An exact reproduction is required of the lines from the beginning of the entries through the line with "Constant : Constant", pictures excluded and nothing added.

> Items from a dataset
[Start of Attachment]

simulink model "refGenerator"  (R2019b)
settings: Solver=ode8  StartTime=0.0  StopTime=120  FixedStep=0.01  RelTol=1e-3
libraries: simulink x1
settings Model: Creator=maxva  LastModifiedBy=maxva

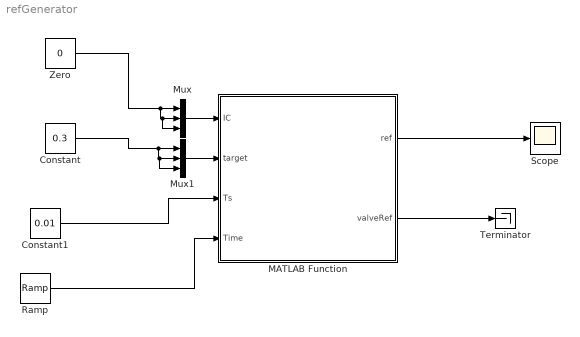
== system refGenerator ==
  Constant : Constant  Value=0.3
  Constant1 : Constant  Value=0.01
  MATLAB Function : MATLAB Function  TreatAsAtomicUnit=on
  Mux : Mux  Inputs=3
  Mux1 : Mux  Inputs=3
  Ramp : simulink/Sources/Ramp  slope=1  start=0  InitialOutput=0
  Scope : Scope
  Terminator : Terminator
  Zero : Constant  Value=0  OutDataTypeStr=Inherit: Inherit via back propagation
  wires:
  MATLAB Function/1(ref) -> Scope/1
  MATLAB Function/2(valveRef) -> Terminator/1
  Constant1/1 -> MATLAB Function/3(Ts)
  Ramp/1 -> MATLAB Function/4(Time)
  Mux1/1 -> MATLAB Function/2(target)
  Mux/1 -> MATLAB Function/1(IC)
  Zero/1 -> Mux/3, Mux/2, Mux/1
  Constant/1 -> Mux1/3, Mux1/2, Mux1/1

== matlab function refGenerator/MATLAB Function ==
  data: IC input; ref output; target input; valveRef output; Ts input; Time input
function [ref, valveRef] = fcn(IC, target,Ts,Time)
% input: IC, 3D vector of initial conditions of system
% input: target, 3D vector of target reference for fluid  heights
% input: Sampling time Ts

% output: ref, 3*1 vector containing fluid height references 
% output: valveRef, 2*1 vector containg valve references. Needed for MPC,
% can be ignored (use terminator block in simulink)

%% constants
Atank = 0.0154;
uMaxL = 0.1;        % from Bart's work
uMaxR =  0.09;      % from Bart's work
%% reshaping (check gode generation?)
IC = reshape(IC, [],1);             %  force IC to be a vector
target = reshape(target, [],1);     %  idem
%% calculations
tf = 1.1*sum(target)*Atank/(uMaxL+uMaxR-3*0.01)*1000;  % give a 10% margin for pump dynamics etc, choose 50% of maximum disturbance allowed as 'constant disturbance'
ref = zeros(3,1);
valveRef = zeros(2,1);
matr = [1 zeros(1,3);
        0 1  0    0;
        1 tf tf^2 tf^3;
        0 1 2*tf 3*tf^2];
invmatr = inv(matr);
if  Time < tf
    for i =1:3
        vec = [IC(i);0;target(i);0];
        polyCoeff = invmatr*vec;
        ref(i,1) = polyCoeff(1)+polyCoeff(2)*Time+polyCoeff(3)*Time.^2+polyCoeff(4)*Time.^3;
    end
else
    ref = target;
end

[End of Attachment]

> Output for this exercise
simulink model "refGenerator"  (R2019b)
settings: Solver=ode8  StartTime=0.0  StopTime=120  FixedStep=0.01  RelTol=1e-3
libraries: simulink x1
settings Model: Creator=maxva  LastModifiedBy=maxva

== system refGenerator ==
  Constant : Constant  Value=0.3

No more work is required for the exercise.